3. The filter according to claim 2, wherein said first and said second vacuum control means are furthermore so constructed and arranged that mutually adjoining trailing and leading pipes of mutually adjoining filtrate chambers are both open to vacuum suction while passing through a bottom zone extending between the lower ends of said filtrate withdrawal zones.

4. The filter according to claim 2, wherein said first and said second vacuum control means are furthermore so constructed and arranged that mutually adjoining trailing and leading pipes of mutually adjoining filtrate chambers are open to vacuum suction while passing through a top zone extending between the upper ends of said filtrate withdrawal zones.

5. The filter according to claim 2, wherein said first vacuum control means comprise a first trunnion valve cooperating with the adjacent ends of the trailing pipes, and constructed and arranged so as to open and close said pipes in the respective filtrate withdrawal zones, and wherein said second control means comprise a second trunnion valve cooperating with the adjacent ends of the leading pipes, said trunnion valve being constructed and arranged so as to open and close said pipes in the respective filtrate withdrawal zones.

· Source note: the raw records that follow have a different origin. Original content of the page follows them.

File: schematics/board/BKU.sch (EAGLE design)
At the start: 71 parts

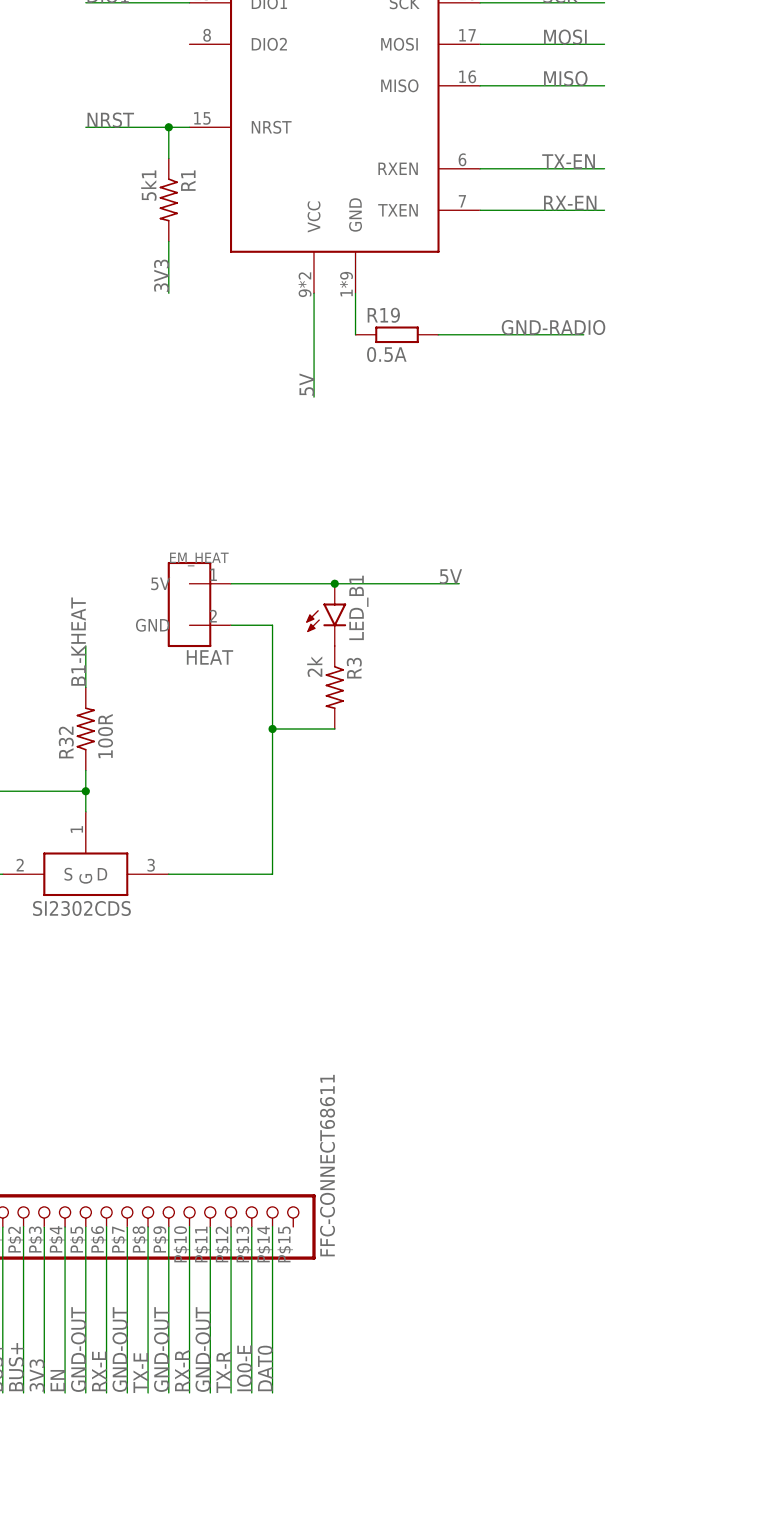
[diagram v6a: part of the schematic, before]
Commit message: Обновлена схема БКУ
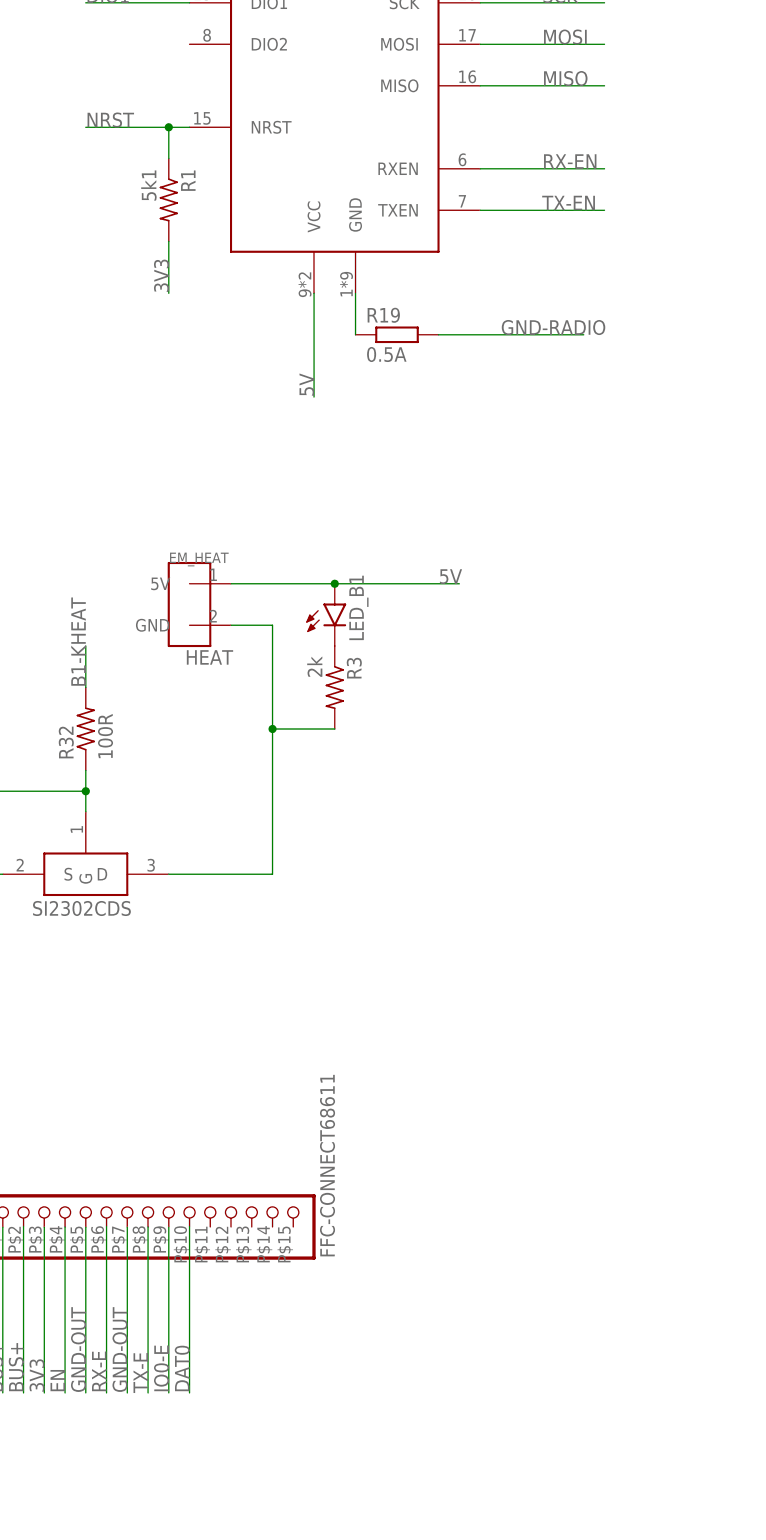
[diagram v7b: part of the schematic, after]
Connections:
- removed net RX-R: U$21.10
- removed net TX-R: U$21.12
- net DAT0: now also U$21.10; no longer U$21.14
- net GND-OUT: no longer U$21.11, U$21.9
- net IO0-E: now also U$21.9; no longer U$21.13
- net RX-EN: now also U$1.RXEN; no longer U$1.TXEN
- net TX-EN: now also U$1.TXEN; no longer U$1.RXEN
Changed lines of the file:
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@@
 </segment>
 <segment>
-<wire x1="360.68" y1="106.68" x2="360.68" y2="86.36" width="0.1524" layer="91"/>
-<pinref part="U$21" gate="G$1" pin="14"/>
-<label x="360.68" y="86.36" size="1.778" layer="95" rot="R90"/>
+<wire x1="350.52" y1="106.68" x2="350.52" y2="86.36" width="0.1524" layer="91"/>
+<label x="350.52" y="86.36" size="1.778" layer="95" rot="R90"/>
+<pinref part="U$21" gate="G$1" pin="10"/>
 </segment>
 </net>
@@
 </segment>
 <segment>
-<wire x1="358.14" y1="106.68" x2="358.14" y2="86.36" width="0.1524" layer="91"/>
-<pinref part="U$21" gate="G$1" pin="13"/>
-<label x="358.14" y="86.36" size="1.778" layer="95" rot="R90"/>
+<wire x1="347.98" y1="106.68" x2="347.98" y2="86.36" width="0.1524" layer="91"/>
+<label x="347.98" y="86.36" size="1.778" layer="95" rot="R90"/>
+<pinref part="U$21" gate="G$1" pin="9"/>
 </segment>
 </net>
@@
 <pinref part="U$20" gate="G$1" pin="DS"/>
 <wire x1="134.62" y1="187.96" x2="132.08" y2="187.96" width="0.1524" layer="91"/>
-</segment>
-</net>
-<net name="TX-R" class="0">
-<segment>
-<wire x1="355.6" y1="106.68" x2="355.6" y2="86.36" width="0.1524" layer="91"/>
-<label x="355.6" y="86.36" size="1.778" layer="95" rot="R90"/>
-<pinref part="U$21" gate="G$1" pin="12"/>
-</segment>
-</net>
-<net name="RX-R" class="0">
-<segment>
-<wire x1="350.52" y1="106.68" x2="350.52" y2="86.36" width="0.1524" layer="91"/>
-<label x="350.52" y="86.36" size="1.778" layer="95" rot="R90"/>
-<pinref part="U$21" gate="G$1" pin="10"/>
 </segment>
 </net>
@@
 </segment>
 <segment>
+<pinref part="U$1" gate="G$1" pin="RXEN"/>
+<wire x1="386.08" y1="236.22" x2="401.32" y2="236.22" width="0.1524" layer="91"/>
+<label x="393.7" y="236.22" size="1.778" layer="95"/>
+</segment>
+</net>
+<net name="TX-EN" class="0">
+<segment>
+<wire x1="144.78" y1="71.12" x2="152.4" y2="71.12" width="0.1524" layer="91"/>
+<label x="147.32" y="71.12" size="1.778" layer="95"/>
+<pinref part="U$13" gate="G$1" pin="IO25"/>
+</segment>
+<segment>
 <pinref part="U$1" gate="G$1" pin="TXEN"/>
 <wire x1="386.08" y1="231.14" x2="401.32" y2="231.14" width="0.1524" layer="91"/>
 <label x="393.7" y="231.14" size="1.778" layer="95"/>
-</segment>
-</net>
-<net name="TX-EN" class="0">
-<segment>
-<wire x1="144.78" y1="71.12" x2="152.4" y2="71.12" width="0.1524" layer="91"/>
-<label x="147.32" y="71.12" size="1.778" layer="95"/>
-<pinref part="U$13" gate="G$1" pin="IO25"/>
-</segment>
-<segment>
-<pinref part="U$1" gate="G$1" pin="RXEN"/>
-<wire x1="386.08" y1="236.22" x2="401.32" y2="236.22" width="0.1524" layer="91"/>
-<label x="393.7" y="236.22" size="1.778" layer="95"/>
 </segment>
 </net>
@@
 </segment>
 <segment>
-<wire x1="347.98" y1="106.68" x2="347.98" y2="86.36" width="0.1524" layer="91"/>
-<label x="347.98" y="86.36" size="1.778" layer="95" rot="R90"/>
-<pinref part="U$21" gate="G$1" pin="9"/>
-</segment>
-<segment>
-<wire x1="353.06" y1="106.68" x2="353.06" y2="86.36" width="0.1524" layer="91"/>
-<label x="353.06" y="86.36" size="1.778" layer="95" rot="R90"/>
-<pinref part="U$21" gate="G$1" pin="11"/>
-</segment>
-<segment>

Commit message: Завершена разработка плат БСК5 и АРК, половина платы БКУ разведена, добавлены гербер файлы плат АРК, БСК5 и WSPR
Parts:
- added MP1584EN-5V: MP1584-B, CanCubeSat:MP1584-B
- renumbered MP2225 to MP2225-3V3, MP2225-1 to MP2225-5V, U$6 to MP1584EN-3V3
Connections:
- removed net N$21: C10.2, C9.2, MP2225-3V3.IN, R16.1
- removed net N$7: C14.2, C6.2, MP2225-5V.IN, R27.1
- new net GND1-RADIO: R19.1, U$1.GND
- net 5V: now also MP1584EN-5V.OUT+, U$21.11
- net BUS+: now also C10.2, C14.2, C6.2, C9.2, MP1584EN-5V.IN+, MP2225-3V3.IN, MP2225-5V.IN, R16.1, R27.1
- net GND: no longer C12.1, R19.1, U$1.GND
- net GND-OUT: now also MP1584EN-5V.IN-, MP1584EN-5V.OUT-
- net N$5: now also C12.1

6. The filter according to claim 2, wherein at least one of said trunnions has a closEd inner end and an open outer end, wherein a stationary valve head associated with the open end of said trunnion is constructed and arranged to provide vacuum supply to the interior of the trunnion, wherein one set of said pipes have exposed outer end portions connected to the interior of said trunnion, thus to be subject to the vacuum effect maintained therein, wherein each of said outer end portions of said pipes is provided with an individual valve operable to open or close communication with the vacuum, and wherein stationary cam means are provided effective to operate said valves incident to the rotation of said drum, in such a manner as to admit vacuum suction from said trunnion to the associated filtrate withdrawal zone.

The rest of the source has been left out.